As time goes on I think more types of informal/casual clubs each with their own 'style' will proliferate. Met a guy who started one in Cornwall recently.

Chapeau!


----------



## tiswas-steve (17 Jun 2013)

Cheers foodie !!
From my point of view, I just wanted to talk and ride bikes but couldn't or didn't want to commit to a "proper" club due to family and work. The Facebook thingy is a great idea, we've toyed with a website but not quite perfected it, I'm gonna put that to the group  Totally agree with you regarding more social cycling clubs popping up, it's a great thing not to stick to a set routine where and when we ride. 
Good luck with your merry band !!


----------



## Globalti (17 Jun 2013)

We have about eight cyclists in our street of 72 houses including three called Chris. I would like to start a street cycling club but I worry that that might attract unwelcome attention from thieves. Could always call the club something completely unrelated to the street, I suppose.


----------



## tiswas-steve (17 Jun 2013)

Globalti said:


> We have about eight cyclists in our street of 72 houses including three called Chris. I would like to start a street cycling club but I worry that that might attract unwelcome attention from thieves. Could always call the club something completely unrelated to the street, I suppose.

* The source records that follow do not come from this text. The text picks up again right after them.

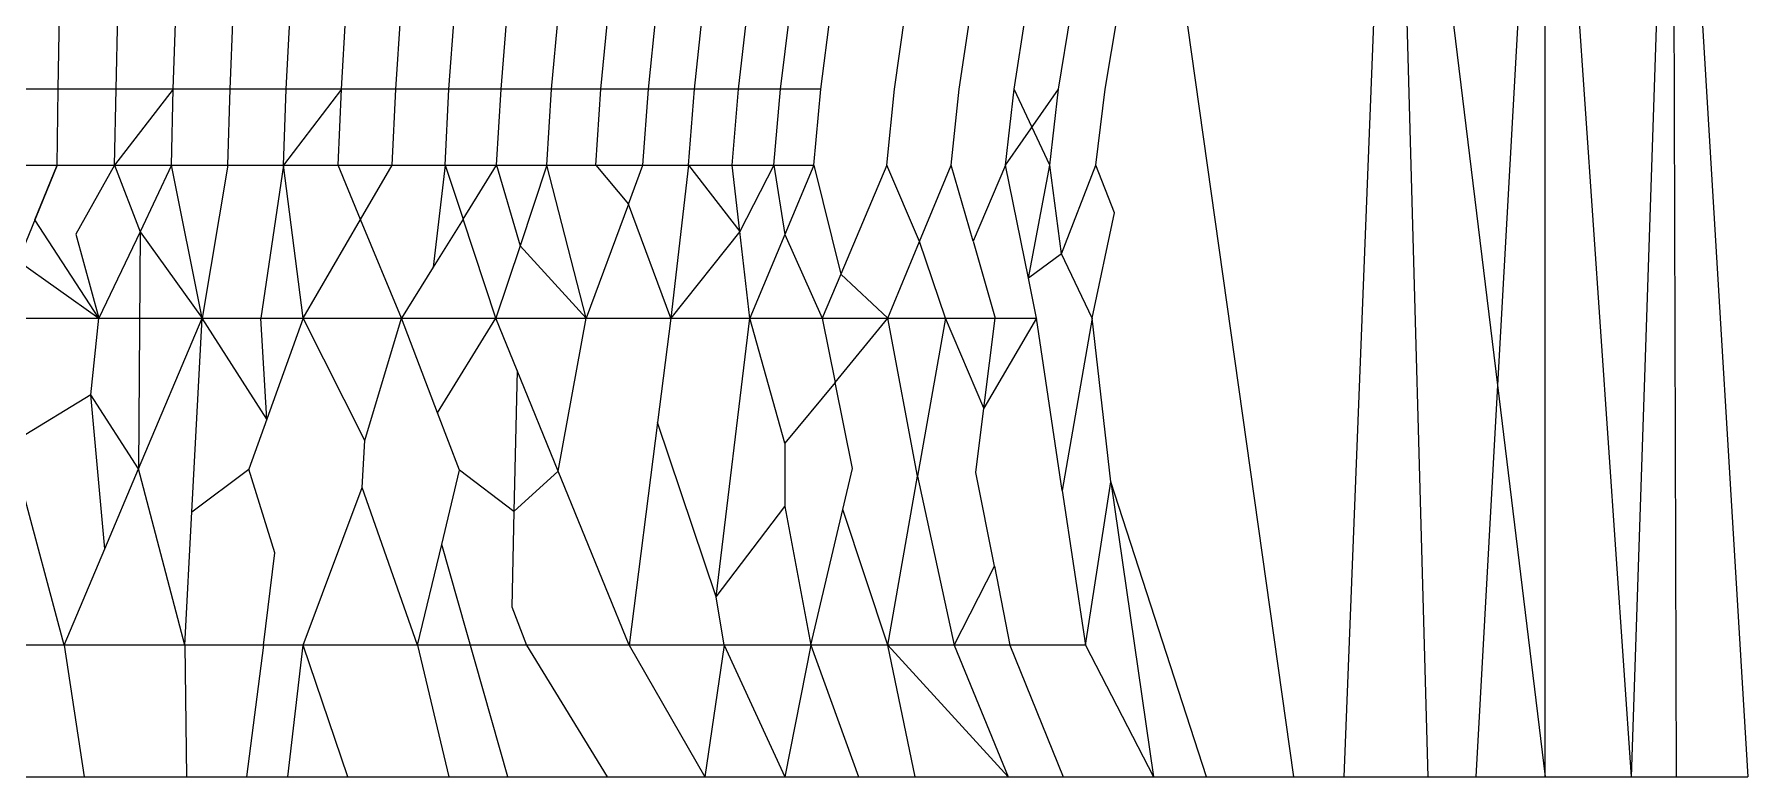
# Model space of a CAD drawing. Header units: inches. Extents: x 17 to 4615, y 5 to 3256.
# Drawn here: x 748.792 to 749.887, y 2597.352 to 2597.829 of the extents above; entities that cross this region are included whole.
import ezdxf

# ---------------------------------------------------------------- set-up
doc = ezdxf.new("R2010")
doc.units = ezdxf.units.IN
doc.header["$MEASUREMENT"] = 0

msp = doc.modelspace()

# ---------------------------------------------------------------- linework, layer by layer
for p, q in [((749.6319, 2597.3524), (749.6634, 2598.1523)), ((749.6634, 2598.1523), (749.6856, 2597.3524)), ((749.6634, 2598.1523), (749.7304, 2597.6034)), ((749.761, 2598.1523), (749.7304, 2597.6034)), ((749.761, 2597.3524), (749.761, 2598.1523)), ((749.761, 2598.1523), (749.8161, 2597.3524)), ((749.8429, 2598.1523), (749.8161, 2597.3524)), ((749.8451, 2597.3524), (749.8429, 2598.1523)), ((749.8429, 2598.1523), (749.8909, 2597.3524)), ((749.5169, 2597.9367), (749.5994, 2597.3524)), ((748.807, 2597.7932), (748.8078, 2597.8415)), ((748.8441, 2597.7932), (748.8453, 2597.8415)), ((748.8808, 2597.7932), (748.8825, 2597.8415)), ((748.9173, 2597.7932), (748.9193, 2597.8415)), ((748.9533, 2597.7932), (748.9557, 2597.8415)), ((748.9887, 2597.7932), (748.9916, 2597.8415)), ((749.0236, 2597.7932), (749.0268, 2597.8415)), ((749.0577, 2597.7932), (749.0613, 2597.8415)), ((749.0911, 2597.7932), (749.095, 2597.8415)), ((749.1235, 2597.7932), (749.1279, 2597.8415)), ((749.1551, 2597.7932), (749.1598, 2597.8415)), ((749.1856, 2597.7932), (749.1906, 2597.8415)), ((749.2151, 2597.7932), (749.2204, 2597.8415)), ((749.2434, 2597.7932), (749.249, 2597.8415)), ((749.2704, 2597.7932), (749.2763, 2597.8415)), ((749.2962, 2597.7932), (749.3024, 2597.8415)), ((749.3435, 2597.7932), (749.3503, 2597.8415)), ((749.385, 2597.7932), (749.3922, 2597.8415)), ((749.4202, 2597.7932), (749.4278, 2597.8415)), ((749.4488, 2597.7932), (749.4567, 2597.8415)), ((749.4786, 2597.7932), (749.4869, 2597.8415)), ((748.807, 2597.7932), (748.7698, 2597.7932)), ((748.8064, 2597.7445), (748.807, 2597.7932)), ((748.8441, 2597.7932), (748.807, 2597.7932)), ((748.8432, 2597.7445), (748.8441, 2597.7932)), ((748.8808, 2597.7932), (748.8432, 2597.7445)), ((748.8808, 2597.7932), (748.8441, 2597.7932)), ((748.8797, 2597.7445), (748.8808, 2597.7932)), ((748.9173, 2597.7932), (748.8808, 2597.7932)), ((748.9158, 2597.7445), (748.9173, 2597.7932)), ((748.9533, 2597.7932), (748.9173, 2597.7932)), ((748.9515, 2597.7445), (748.9533, 2597.7932)), ((748.9887, 2597.7932), (748.9515, 2597.7445)), ((748.9887, 2597.7932), (748.9533, 2597.7932)), ((748.9867, 2597.7445), (748.9887, 2597.7932)), ((749.0236, 2597.7932), (748.9887, 2597.7932)), ((749.0213, 2597.7445), (749.0236, 2597.7932)), ((749.0577, 2597.7932), (749.0236, 2597.7932)), ((749.0552, 2597.7445), (749.0577, 2597.7932)), ((749.0911, 2597.7932), (749.0577, 2597.7932)), ((749.0882, 2597.7445), (749.0911, 2597.7932)), ((749.1235, 2597.7932), (749.0911, 2597.7932)), ((749.1205, 2597.7445), (749.1235, 2597.7932)), ((749.1551, 2597.7932), (749.1235, 2597.7932)), ((749.1518, 2597.7445), (749.1551, 2597.7932)), ((749.1856, 2597.7932), (749.1551, 2597.7932)), ((749.182, 2597.7445), (749.1856, 2597.7932)), ((749.2151, 2597.7932), (749.1856, 2597.7932)), ((749.2113, 2597.7445), (749.2151, 2597.7932)), ((749.2434, 2597.7932), (749.2151, 2597.7932)), ((749.2393, 2597.7445), (749.2434, 2597.7932)), ((749.2704, 2597.7932), (749.2434, 2597.7932)), ((749.2662, 2597.7445), (749.2704, 2597.7932)), ((749.2962, 2597.7932), (749.2704, 2597.7932)), ((749.2917, 2597.7445), (749.2962, 2597.7932)), ((749.3387, 2597.7445), (749.3435, 2597.7932)), ((749.3798, 2597.7445), (749.385, 2597.7932)), ((749.4148, 2597.7445), (749.4202, 2597.7932)), ((749.4148, 2597.7445), (749.4488, 2597.7932)), ((749.4431, 2597.7445), (749.4202, 2597.7932)), ((749.4431, 2597.7445), (749.4488, 2597.7932)), ((749.4727, 2597.7445), (749.4786, 2597.7932)), ((748.7695, 2597.7445), (748.8064, 2597.7445)), ((748.8064, 2597.7445), (748.7812, 2597.6833)), ((748.7921, 2597.7096), (748.8064, 2597.7445)), ((748.8064, 2597.7445), (748.8432, 2597.7445)), ((748.8432, 2597.7445), (748.8184, 2597.7004)), ((748.8432, 2597.7445), (748.8797, 2597.7445)), ((748.8432, 2597.7445), (748.8595, 2597.7019)), ((748.8797, 2597.7445), (748.8595, 2597.7019)), ((748.8797, 2597.7445), (748.9158, 2597.7445)), ((748.8993, 2597.6464), (748.8797, 2597.7445)), ((748.9158, 2597.7445), (748.8993, 2597.6464)), ((748.9158, 2597.7445), (748.9515, 2597.7445)), ((748.9515, 2597.7445), (748.937, 2597.6464)), ((748.9515, 2597.7445), (748.9867, 2597.7445)), ((748.9642, 2597.6464), (748.9515, 2597.7445)), ((748.9867, 2597.7445), (749.0213, 2597.7445)), ((749.001, 2597.7097), (748.9867, 2597.7445)), ((749.001, 2597.7097), (749.0213, 2597.7445)), ((749.0213, 2597.7445), (749.0552, 2597.7445)), ((749.0552, 2597.7445), (749.0476, 2597.6792)), ((749.0552, 2597.7445), (749.0882, 2597.7445)), ((749.0552, 2597.7445), (749.0667, 2597.7099)), ((749.0667, 2597.7099), (749.0882, 2597.7445)), ((749.0882, 2597.7445), (749.1205, 2597.7445)), ((749.0882, 2597.7445), (749.1033, 2597.6928)), ((749.1205, 2597.7445), (749.1033, 2597.6928)), ((749.1205, 2597.7445), (749.1518, 2597.7445)), ((749.1456, 2597.6464), (749.1205, 2597.7445)), ((749.1518, 2597.7445), (749.182, 2597.7445)), ((749.1518, 2597.7445), (749.1728, 2597.7195)), ((749.1728, 2597.7195), (749.182, 2597.7445)), ((749.182, 2597.7445), (749.2113, 2597.7445)), ((749.2113, 2597.7445), (749.2, 2597.6464)), ((749.2113, 2597.7445), (749.2393, 2597.7445)), ((749.2113, 2597.7445), (749.2443, 2597.702)), ((749.2393, 2597.7445), (749.2662, 2597.7445)), ((749.2443, 2597.702), (749.2393, 2597.7445)), ((749.2662, 2597.7445), (749.2443, 2597.702)), ((749.2662, 2597.7445), (749.2917, 2597.7445)), ((749.2662, 2597.7445), (749.2732, 2597.7001)), ((749.2917, 2597.7445), (749.2732, 2597.7001)), ((749.2917, 2597.7445), (749.3091, 2597.6746)), ((749.3387, 2597.7445), (749.3091, 2597.6746)), ((749.3596, 2597.6956), (749.3387, 2597.7445)), ((749.3596, 2597.6956), (749.3798, 2597.7445)), ((749.3939, 2597.6958), (749.3798, 2597.7445)), ((749.4148, 2597.7445), (749.3939, 2597.6958)), ((749.4294, 2597.6722), (749.4148, 2597.7445)), ((749.4294, 2597.6722), (749.4431, 2597.7445)), ((749.4506, 2597.6877), (749.4431, 2597.7445)), ((749.4506, 2597.6877), (749.4727, 2597.7445)), ((749.4847, 2597.714), (749.4727, 2597.7445)), ((749.1728, 2597.7195), (749.1456, 2597.6464)), ((749.2, 2597.6464), (749.1728, 2597.7195)), ((749.4704, 2597.6464), (749.4847, 2597.714)), ((748.8331, 2597.6464), (748.7921, 2597.7096)), ((748.8595, 2597.7019), (748.8331, 2597.6464)), ((748.8595, 2597.7019), (748.8585, 2597.5498)), ((748.8595, 2597.7019), (748.8993, 2597.6464)), ((748.9642, 2597.6464), (749.001, 2597.7097)), ((749.0272, 2597.6464), (749.001, 2597.7097)), ((749.0667, 2597.7099), (749.0476, 2597.6792)), ((749.0878, 2597.6464), (749.0667, 2597.7099)), ((749.2443, 2597.702), (749.2, 2597.6464)), ((749.2507, 2597.6464), (749.2443, 2597.702)), ((748.8184, 2597.7004), (748.8331, 2597.6464)), ((749.1033, 2597.6928), (749.0878, 2597.6464)), ((749.1033, 2597.6928), (749.1456, 2597.6464)), ((749.2732, 2597.7001), (749.2507, 2597.6464)), ((749.2732, 2597.7001), (749.2972, 2597.6464)), ((749.3392, 2597.6464), (749.3596, 2597.6956)), ((749.3763, 2597.6464), (749.3596, 2597.6956)), ((749.3939, 2597.6958), (749.4082, 2597.6464)), ((748.7812, 2597.6833), (748.8331, 2597.6464)), ((749.4506, 2597.6877), (749.4294, 2597.6722)), ((749.4704, 2597.6464), (749.4506, 2597.6877)), ((749.0476, 2597.6792), (749.0272, 2597.6464)), ((749.3091, 2597.6746), (749.2972, 2597.6464)), ((749.3091, 2597.6746), (749.3392, 2597.6464)), ((749.4346, 2597.6464), (749.4294, 2597.6722)), ((748.7661, 2597.6464), (748.8331, 2597.6464)), ((748.8279, 2597.5972), (748.8331, 2597.6464)), ((748.8331, 2597.6464), (748.8993, 2597.6464)), ((748.8585, 2597.5498), (748.8993, 2597.6464)), ((748.8928, 2597.5223), (748.8993, 2597.6464)), ((748.8993, 2597.6464), (748.9642, 2597.6464)), ((748.9408, 2597.5817), (748.8993, 2597.6464)), ((748.937, 2597.6464), (748.9642, 2597.6464)), ((748.9408, 2597.5817), (748.937, 2597.6464)), ((748.9642, 2597.6464), (748.9408, 2597.5817)), ((748.9642, 2597.6464), (749.0272, 2597.6464)), ((749.0036, 2597.568), (748.9642, 2597.6464)), ((749.0036, 2597.568), (749.0272, 2597.6464)), ((749.0272, 2597.6464), (749.0878, 2597.6464)), ((749.0504, 2597.5857), (749.0272, 2597.6464)), ((749.0504, 2597.5857), (749.0878, 2597.6464)), ((749.0878, 2597.6464), (749.1456, 2597.6464)), ((749.1014, 2597.613), (749.0878, 2597.6464)), ((749.1277, 2597.5484), (749.1456, 2597.6464)), ((749.1456, 2597.6464), (749.2, 2597.6464)), ((749.2, 2597.6464), (749.1915, 2597.5795)), ((749.2, 2597.6464), (749.2507, 2597.6464)), ((749.2292, 2597.4677), (749.2507, 2597.6464)), ((749.2507, 2597.6464), (749.2972, 2597.6464)), ((749.2732, 2597.5663), (749.2507, 2597.6464)), ((749.2972, 2597.6464), (749.3392, 2597.6464)), ((749.2972, 2597.6464), (749.3055, 2597.6053)), ((749.3055, 2597.6053), (749.3392, 2597.6464)), ((749.3392, 2597.6464), (749.3763, 2597.6464)), ((749.3583, 2597.5451), (749.3392, 2597.6464)), ((749.3763, 2597.6464), (749.3583, 2597.5451)), ((749.3763, 2597.6464), (749.4082, 2597.6464)), ((749.4009, 2597.5887), (749.3763, 2597.6464)), ((749.4009, 2597.5887), (749.4082, 2597.6464)), ((749.4346, 2597.6464), (749.4009, 2597.5887)), ((749.4082, 2597.6464), (749.4346, 2597.6464)), ((749.4511, 2597.536), (749.4346, 2597.6464)), ((749.4704, 2597.6464), (749.4511, 2597.536)), ((749.4824, 2597.5416), (749.4704, 2597.6464)), ((749.1014, 2597.613), (749.0994, 2597.5225)), ((749.1277, 2597.5484), (749.1014, 2597.613)), ((749.3055, 2597.6053), (749.2732, 2597.5663)), ((749.3165, 2597.5501), (749.3055, 2597.6053)), ((749.7304, 2597.6034), (749.7164, 2597.3524)), ((749.7304, 2597.6034), (749.761, 2597.3524)), ((748.8279, 2597.5972), (748.7824, 2597.5696)), ((748.8369, 2597.4986), (748.8279, 2597.5972)), ((748.8585, 2597.5498), (748.8279, 2597.5972)), ((748.9408, 2597.5817), (748.9292, 2597.5497)), ((749.0644, 2597.549), (749.0504, 2597.5857)), ((749.3958, 2597.5474), (749.4009, 2597.5887)), ((749.1915, 2597.5795), (749.1733, 2597.4367)), ((749.2292, 2597.4677), (749.1915, 2597.5795)), ((749.0021, 2597.5379), (749.0036, 2597.568)), ((749.2732, 2597.5663), (749.2732, 2597.5258)), ((748.8369, 2597.4986), (748.8585, 2597.5498)), ((748.8883, 2597.4367), (748.8585, 2597.5498)), ((748.8928, 2597.5223), (748.9292, 2597.5497)), ((748.9459, 2597.4959), (748.9292, 2597.5497)), ((749.053, 2597.5013), (749.0644, 2597.549)), ((749.0994, 2597.5225), (749.0644, 2597.549)), ((749.1277, 2597.5484), (749.0994, 2597.5225)), ((749.1733, 2597.4367), (749.1277, 2597.5484)), ((749.3103, 2597.5237), (749.3165, 2597.5501)), ((748.8108, 2597.4367), (748.7827, 2597.5416)), ((748.9642, 2597.4367), (749.0021, 2597.5379)), ((749.0375, 2597.4367), (749.0021, 2597.5379)), ((749.3392, 2597.4367), (749.3583, 2597.5451)), ((749.3583, 2597.5451), (749.3819, 2597.4367)), ((749.4076, 2597.4875), (749.3958, 2597.5474)), ((749.466, 2597.4367), (749.4824, 2597.5416)), ((749.4824, 2597.5416), (749.5096, 2597.3524)), ((749.5436, 2597.3524), (749.4824, 2597.5416)), ((749.4511, 2597.536), (749.466, 2597.4367)), ((748.8883, 2597.4367), (748.8928, 2597.5223)), ((749.0994, 2597.5225), (749.098, 2597.4613)), ((749.2292, 2597.4677), (749.2732, 2597.5258)), ((749.2732, 2597.5258), (749.2898, 2597.4367)), ((749.2898, 2597.4367), (749.3103, 2597.5237)), ((749.3392, 2597.4367), (749.3103, 2597.5237)), ((748.8108, 2597.4367), (748.8369, 2597.4986)), ((748.9387, 2597.4367), (748.9459, 2597.4959)), ((749.0375, 2597.4367), (749.053, 2597.5013)), ((749.0955, 2597.3524), (749.053, 2597.5013)), ((749.3819, 2597.4367), (749.4076, 2597.4875)), ((749.4076, 2597.4875), (749.4176, 2597.4367)), ((749.098, 2597.4613), (749.1074, 2597.4367)), ((749.2343, 2597.4367), (749.2292, 2597.4677)), ((748.8108, 2597.4367), (748.7838, 2597.4367)), ((748.8108, 2597.4367), (748.8236, 2597.3524)), ((748.8883, 2597.4367), (748.8108, 2597.4367)), ((748.9642, 2597.4367), (748.8883, 2597.4367)), ((748.8883, 2597.4367), (748.8892, 2597.3524)), ((748.9387, 2597.4367), (748.9277, 2597.3524)), ((748.9642, 2597.4367), (748.9387, 2597.4367)), ((748.9544, 2597.3524), (748.9642, 2597.4367)), ((749.0375, 2597.4367), (748.9642, 2597.4367)), ((748.9929, 2597.3524), (748.9642, 2597.4367)), ((749.1074, 2597.4367), (749.0375, 2597.4367)), ((749.0375, 2597.4367), (749.0575, 2597.3524)), ((749.1733, 2597.4367), (749.1074, 2597.4367)), ((749.1074, 2597.4367), (749.1592, 2597.3524)), ((749.2343, 2597.4367), (749.1733, 2597.4367)), ((749.1733, 2597.4367), (749.2218, 2597.3524)), ((749.2343, 2597.4367), (749.2218, 2597.3524)), ((749.2898, 2597.4367), (749.2343, 2597.4367)), ((749.2343, 2597.4367), (749.2732, 2597.3524)), ((749.2898, 2597.4367), (749.2732, 2597.3524)), ((749.3392, 2597.4367), (749.2898, 2597.4367)), ((749.2898, 2597.4367), (749.3204, 2597.3524)), ((749.3819, 2597.4367), (749.3392, 2597.4367)), ((749.3568, 2597.3524), (749.3392, 2597.4367)), ((749.3392, 2597.4367), (749.4165, 2597.3524)), ((749.4176, 2597.4367), (749.3819, 2597.4367)), ((749.3819, 2597.4367), (749.4165, 2597.3524)), ((749.466, 2597.4367), (749.4176, 2597.4367)), ((749.4176, 2597.4367), (749.4517, 2597.3524)), ((749.466, 2597.4367), (749.5096, 2597.3524)), ((748.7847, 2597.3524), (748.8236, 2597.3524)), ((748.8236, 2597.3524), (748.8892, 2597.3524)), ((748.8892, 2597.3524), (748.9277, 2597.3524)), ((748.9277, 2597.3524), (748.9544, 2597.3524)), ((748.9544, 2597.3524), (748.9929, 2597.3524)), ((748.9929, 2597.3524), (749.0575, 2597.3524)), ((749.0575, 2597.3524), (749.0955, 2597.3524)), ((749.0955, 2597.3524), (749.1592, 2597.3524)), ((749.1592, 2597.3524), (749.2218, 2597.3524)), ((749.2218, 2597.3524), (749.2732, 2597.3524)), ((749.2732, 2597.3524), (749.3204, 2597.3524)), ((749.3204, 2597.3524), (749.3568, 2597.3524)), ((749.3568, 2597.3524), (749.4165, 2597.3524)), ((749.4165, 2597.3524), (749.4517, 2597.3524)), ((749.4517, 2597.3524), (749.5096, 2597.3524)), ((749.5096, 2597.3524), (749.5436, 2597.3524)), ((749.5436, 2597.3524), (749.5994, 2597.3524)), ((749.5994, 2597.3524), (749.6319, 2597.3524)), ((749.6319, 2597.3524), (749.6856, 2597.3524)), ((749.6856, 2597.3524), (749.761, 2597.3524)), ((749.761, 2597.3524), (749.8161, 2597.3524)), ((749.8161, 2597.3524), (749.8451, 2597.3524)), ((749.8451, 2597.3524), (749.8909, 2597.3524))]:
    msp.add_line(p, q)

doc.saveas('drawing.dxf')

You could also meet somewhere off your street, maybe a park or outside a local spot that everyone knows ?


----------



## screenman (18 Jun 2013)

I think this sort of thing is a good idea, but there is often a huge misconception about cycling clubs, often put about by people with no experience of them.


----------



## tiswas-steve (18 Jun 2013)

screenman said:


> I think this sort of thing is a good idea, but there is often a huge misconception about cycling clubs, often put about by people with no experience of them.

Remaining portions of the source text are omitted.